Posts by Xavier Wallece

1) Message boards : Development : Doublevector always uses SSE path instead of AVX (Message 2115)
Posted 27 Nov 2020 by Xavier Wallece

I'm looking into it and see that it is running several sets. Each set runs for about 13 seconds. After that a new set begins.

I'm going to test the avx/SSE doublevector code in the pc algorithem part.
But it is allready heavely optimized.

I also understand why avx does not always help, the algoritem parts it needs to go though are small so it cannot strech it legs.

2) Message boards : Number crunching : Compiling for AVX-512 (Message 2106)
Posted 25 Nov 2020 by Xavier Wallece

After reading this topic, I started reviewing the code.

I suggest you first compile the program as-is.
run test_run2.sh so the file compare says the files are equal.

I sugest you make a copy of test_run2.sh (and bin/pc) and change the parameter value '2470' to something large like 100000
the program runs longer so you should see the diffrence better. Output files will not be corrects since the input file does not contain that many entries.

make a backup of the file bin/pc.

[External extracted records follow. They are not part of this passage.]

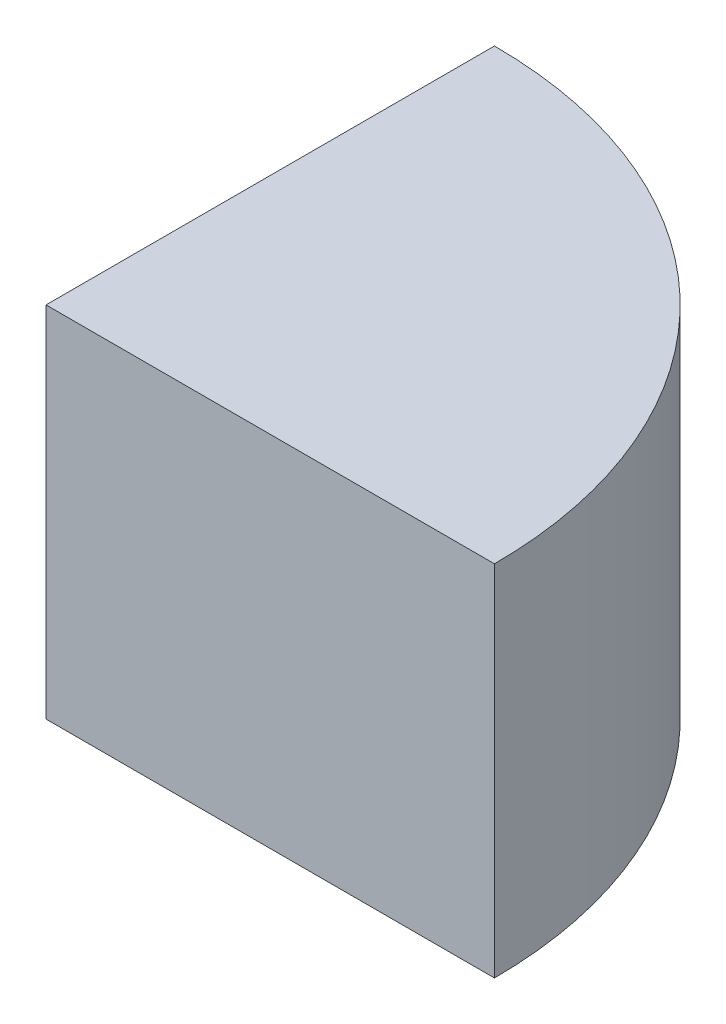
SolidWorks part; units mm, degrees
material "鎳"
ref_plane "前基準面" through (0, 0, 0) normal (0, 0, 1) x (1, 0, 0)
ref_plane "上基準面" through (0, 0, 0) normal (0, 1, 0) x (1, 0, 0)
ref_plane "右基準面" through (0, 0, 0) normal (1, 0, 0) x (0, 0, -1)
sketch "草圖1" plane through (0, 0, 0) normal (0, 1, 0) x (1, 0, 0)
  line L0 (0, 0) -> (0, 35)
  line L1 (0, 0) -> (35, 0)
  circle A0 centre (0, 0) radius 35
  point P4 (0, 0)
  point P6 (0, 0)
  dimension "D1" = 70
extrude "填料-伸長1" add sketch "草圖1" along normal blind 28 contours L1 A0 L0
sketch3d "URDF Reference"
  line L0 (0, 0, 0) -> (10, 0, 0) construction
  line L1 (0, 0, 0) -> (0, 0, -10) construction
  point P0 (0, 0, 0)
  point P1 (0, 0, 0)
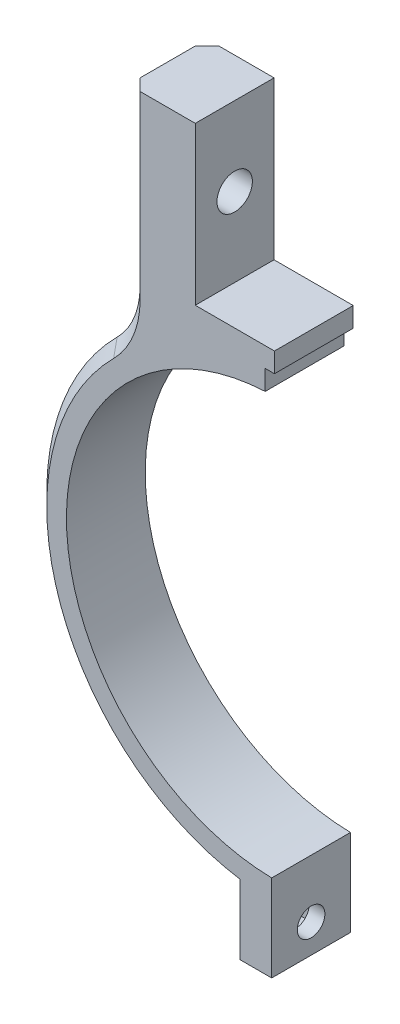
SolidWorks part; units mm, degrees
ref_plane "Ebene vorne" through (0, 0, 0) normal (0, 0, 1) x (1, 0, 0)
ref_plane "Ebene oben" through (0, 0, 0) normal (0, 1, 0) x (1, 0, 0)
ref_plane "Ebene rechts" through (0, 0, 0) normal (1, 0, 0) x (0, 0, -1)
sketch "Skizze1" plane through (0, 0, 0) normal (0, 0, 1) x (1, 0, 0)
  line L0 (0, 0) -> (0, 53.7291) construction
  line L14 (0, 0) -> (0, -44.1347) construction
  line L15 (0.5, -26.5453) -> (0.5, -30.5459)
  line L16 (-0.5, -26.5453) -> (-0.5, -30.5459)
  line L17 (0.5, -30.5459) -> (0.5, -37.5459)
  line L18 (0.5, -37.5459) -> (4.5, -37.5459)
  line L19 (4.5, -37.5459) -> (4.5, -30.2168)
  line L20 (-4.5, -37.5459) -> (-4.5, -30.2168)
  line L21 (-0.5, -37.5459) -> (-4.5, -37.5459)
  line L22 (-0.5, -30.5459) -> (-0.5, -37.5459)
  line L23 (-10.2, 31.55) -> (-10.2, 51.55)
  line L24 (-10.2, 51.55) -> (-18.7, 51.55)
  line L25 (-18.7, 51.55) -> (-18.7, 24.1581)
  line L26 (-10.2, 31.55) -> (10.2, 31.55)
  line L27 (0, 26.55) -> (12.0002, 26.55) construction
  line L28 (18.7, 51.55) -> (18.7, 24.1581)
  line L29 (10.2, 51.55) -> (18.7, 51.55)
  line L30 (10.2, 31.55) -> (10.2, 51.55)
  arc A0 (0.5, -26.5453) -> (-0.5, -26.5453) centre (0, 0) ccw
  arc A1 (-18.7, 24.1581) -> (-4.5, -30.2168) centre (0, 0) ccw
  arc A2 (4.5, -30.2168) -> (18.7, 24.1581) centre (0, 0) ccw
  point P10 (0, 33.5025)
  point P11 (0, 31.6594)
  point P17 (0, 31.55)
  point P18 (0, 39.6025)
  dimension "D1" = 53.1
  dimension "D2" = 4
  dimension "D3" = 20.4
  dimension "D4" = 20
  dimension "D5" = 5
  dimension "D6" = 8.5
  dimension "D10" = 1
  dimension "D11" = 4
  dimension "D12" = 7
extrude "Aufsatz-Linear austragen1" add sketch "Skizze1" along normal blind 10
sketch "Skizze2" plane through (-4.5, 0, 0) normal (-1, 0, 0) x (0, 0, 1)
  line L0 (0, -33.8813) -> (10, -33.8813) construction
  line L1 (0, -30.2168) -> (0, -37.5459) construction
  line L2 (10, -30.2168) -> (10, -37.5459) construction
  circle A0 centre (5, -33.8813) radius 1.75
  dimension "D1" = 3.5
extrude "Schnitt-Linear austragen1" cut sketch "Skizze2" against normal through all
sketch "Skizze3" plane through (0, 0, 10) normal (0, 0, 1) x (1, 0, 0)
  line L0 (-10.8174, 36.4205) -> (0, 26.8755)
  line L1 (0, 26.8755) -> (11.8484, 37.1414)
  line L2 (11.8484, 37.1414) -> (47.3746, 17.8863)
  line L3 (47.3746, 17.8863) -> (51.4546, -59.0738)
  line L4 (51.4546, -59.0738) -> (-81.1349, -43.2704)
  line L5 (-81.1349, -43.2704) -> (-40.9452, 68.8874)
  line L6 (-40.9452, 68.8874) -> (-10.8174, 36.4205)
extrude "Schnitt-Linear austragen2" [suppressed] cut sketch "Skizze3" against normal through all
sketch "Skizze4" plane through (-18.7, 0, 0) normal (-1, 0, 0) x (0, 0, 1)
  line L0 (5, 51.55) -> (5, 31.55) construction
  line L1 (10, 51.55) -> (0, 51.55) construction
  line L3 (10, 31.55) -> (0, 31.55) construction
  circle A0 centre (5, 41.55) radius 2.25
  dimension "D1" = 4.5
extrude "Schnitt-Linear austragen3" cut sketch "Skizze4" against normal through all
fillet "Verrundung1" radius 10 2 edges at (18.7, 24.1581, 5) (-18.7, 24.1581, 5)
sketch "Skizze5" plane through (-4.5, 0, 0) normal (-1, 0, 0) x (0, 0, 1)
  line L0 (5, -33.8813) -> (5, -27.6721) construction
  line L2 (2.225, -36.6563) -> (7.775, -36.6563)
  line L3 (2.225, -36.6563) -> (2.225, -31.1063)
  line L4 (2.225, -31.1063) -> (7.775, -31.1063)
  line L5 (7.775, -36.6563) -> (7.775, -31.1063)
  line L6 (2.225, -36.6563) -> (7.775, -31.1063) construction
  line L7 (2.225, -31.1063) -> (7.775, -36.6563) construction
  dimension "D1" = 5.55
extrude "Schnitt-Linear austragen4" cut sketch "Skizze5" against normal blind 2
sketch "Skizze6" plane through (0, 0, 0) normal (0, 0, 1) x (1, 0, 0)
  line L0 (0, 0) -> (0, 63.9135)
  line L1 (0, 63.9135) -> (40.0139, 63.9135)
  line L2 (40.0139, 63.9135) -> (48.3604, -54.8191)
  line L3 (48.3604, -54.8191) -> (0, -54.8191)
  line L4 (0, -54.8191) -> (0, 0)
extrude "Schnitt-Linear austragen5" cut sketch "Skizze6" along normal through all
chamfer "Fase1" distance 1.5 angle 45 6 edges at (-18.7, 40.0982, 0) (-19.4594, 24.8238, 0) (-29.0064, -9.5882, 0) (-18.7, 40.0982, 10) (-19.4594, 24.8238, 10) (-29.0064, -9.5882, 10)
sketch "Skizze7" plane through (0, 0, 10) normal (0, 0, 1) x (1, 0, 0)
  line L0 (0, 0) -> (0, 48.8265) construction
  line L1 (1.325, 29.05) -> (0, 29.05)
  line L2 (-1.325, 29.05) -> (-1.325, 23.5224)
  line L3 (-1.325, 23.5224) -> (1.325, 23.5224)
  line L4 (0, 26.55) -> (5.2959, 26.55) construction
  line L5 (1.325, 29.05) -> (1.325, 23.5224)
  line L6 (-0.15, 29.05) -> (-0.15, 31.55)
  line L7 (0, 31.55) -> (-10.2, 31.55) construction
  line L8 (-0.15, 31.55) -> (0, 31.55)
  line L9 (0, 31.55) -> (0, 29.05)
  line L10 (-0.15, 29.05) -> (-1.325, 29.05)
  point P11 (0, 23.5224)
  point P12 (0, 29.05)
  dimension "D1" = 2.5
  dimension "D2" = 2.65
  dimension "D3" = 0.15
extrude "Schnitt-Linear austragen6" cut sketch "Skizze7" against normal through all
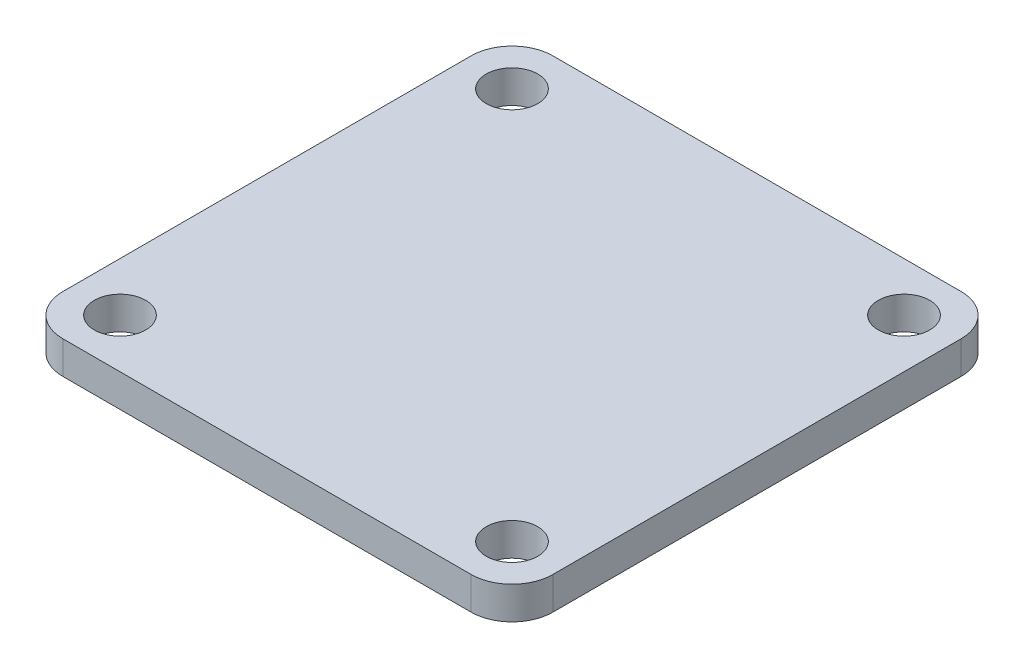
SolidWorks part; units mm, degrees
ref_plane "Front Plane" through (0, 0, 0) normal (0, 0, 1) x (1, 0, 0)
ref_plane "Top Plane" through (0, 0, 0) normal (0, 1, 0) x (1, 0, 0)
ref_plane "Right Plane" through (0, 0, 0) normal (1, 0, 0) x (0, 0, -1)
sketch "Sketch1" plane through (0, 0, 0) normal (0, 1, 0) x (1, 0, 0)
  line L1 (24, -24) -> (-24, -24) construction
  line L2 (24, -24) -> (24, 24) construction
  line L3 (24, 24) -> (-24, 24) construction
  line L4 (-24, -24) -> (-24, 24) construction
  line L5 (24, -24) -> (-24, 24) construction
  line L6 (24, 24) -> (-24, -24) construction
  line L7 (-30, -30) -> (30, -30)
  line L8 (-30, -30) -> (-30, 30)
  line L9 (-30, 30) -> (30, 30)
  line L10 (30, -30) -> (30, 30)
  line L11 (-30, -30) -> (30, 30) construction
  line L12 (-30, 30) -> (30, -30) construction
  circle A0 centre (-24, 24) radius 3.15
  circle A1 centre (24, 24) radius 3.15
  circle A2 centre (-24, -24) radius 3.15
  circle A3 centre (24, -24) radius 3.15
  point P0 (0, 0)
  point P10 (0, 0)
  dimension "D2" = 6.3
  dimension "D1" = 48
  dimension "D3" = 60
extrude "Boss-Extrude1" add sketch "Sketch1" along normal blind 4
fillet "Fillet1" radius 5 4 edges at (-30, 2, 30) (30, 2, 30) (30, 2, -30) (-30, 2, -30)

With each make you will overwrite this file.

For a quick and dirty tryout you need to:

Look in de SIMD folder (under src) you notice that there are 4 code paths: NEON,scalar,SSE and AVX.
change the file AvxDoubleVectorTraits.hpp in src/simd folder

change VectorSize from 32 to 64
and DataAlignment from 32 to 64.

change avx functions like _mm256_add_pd with the avx512 ones like _mm512_add_pd.
see intels reference guide to do so:

https://software.intel.com/sites/landingpage/IntrinsicsGuide/#techs=AVX_512&text=_pd&expand=127

Also do not forget to change the sum method. it adds only 4 variables (avx) instead of 8 (avx512)

Also change DoubleVector.hpp (see http://gene.disi.unitn.it/test/forum_thread.php?id=302 )
In 2017 avx was not very performant on intel haswell so someone changed it back to SSE. This is the reason that avx code is as fast as the sse code.

line 71: typedef AvxDoubleVector DoubleVectorLong;
line 72: typedef SseDoubleVector DoubleVector;
line 73: #elif defined (__SSE2__)

change line 72 to
typedef AvxDoubleVector DoubleVector;

After you have done that change the Makefile

It seems that you are using AVX512F functions(see intel guide above) for intel skylake and icelake.
If you compile the program you will see if it compiles for SSE or AVX. If it compiles for SSE add the "-mavx -mfma -mavx2 " parameters in the makefile in ARCH

Compile the program and run via test_run2.sh if the results are equal you can try to run in with a larger set.

Looking forward in seeing your results

3) Message boards : Development : Doublevector always uses SSE path instead of AVX (Message 2105)
Posted 25 Nov 2020 by Xavier Wallece

Good day Today,

After looking into https://bitbucket.org/francesco-asnicar/pc-boinc/src/master/ and compiling the code myself in ubuntu, I noticed that de DoubleVector always uses the SSE code and not the AVX code.

file: DoubleVector.hpp
staring at Line: 60
#ifdef __AVX__
#ifdef __FMA__
#ifdef __AVX2__
#pragma message "Using FMA+AVX2 instructions"
#else
#pragma message "Using FMA+AVX instructions"
#endif
#else
#pragma message "Using AVX instructions"
#endif

typedef AvxDoubleVector DoubleVectorLong;
typedef SseDoubleVector DoubleVector;
#elif defined (__SSE2__)

Changed line 72 to:
typedef AvxDoubleVector DoubleVector;

It seems that haswell in 2017 was not very performant with AVX at the time and therefor it was disabled.

Running the compiled verion as follows:
bin/pc input/tile2.txt output/output2.txt 0.05 1 100000 0

The avx realtime is 22 second, the SSE version realtime is 32 seconds under ubuntu in hyper-v.
This only helps if the 5th parameter (100000) is large enough. If it is small like the test_run.sh scripts it almost makes no difference.

Could someone verify that the compiled gene_pcim_v1.11_win64__avx.exe is running in SSE instead of AVX mode?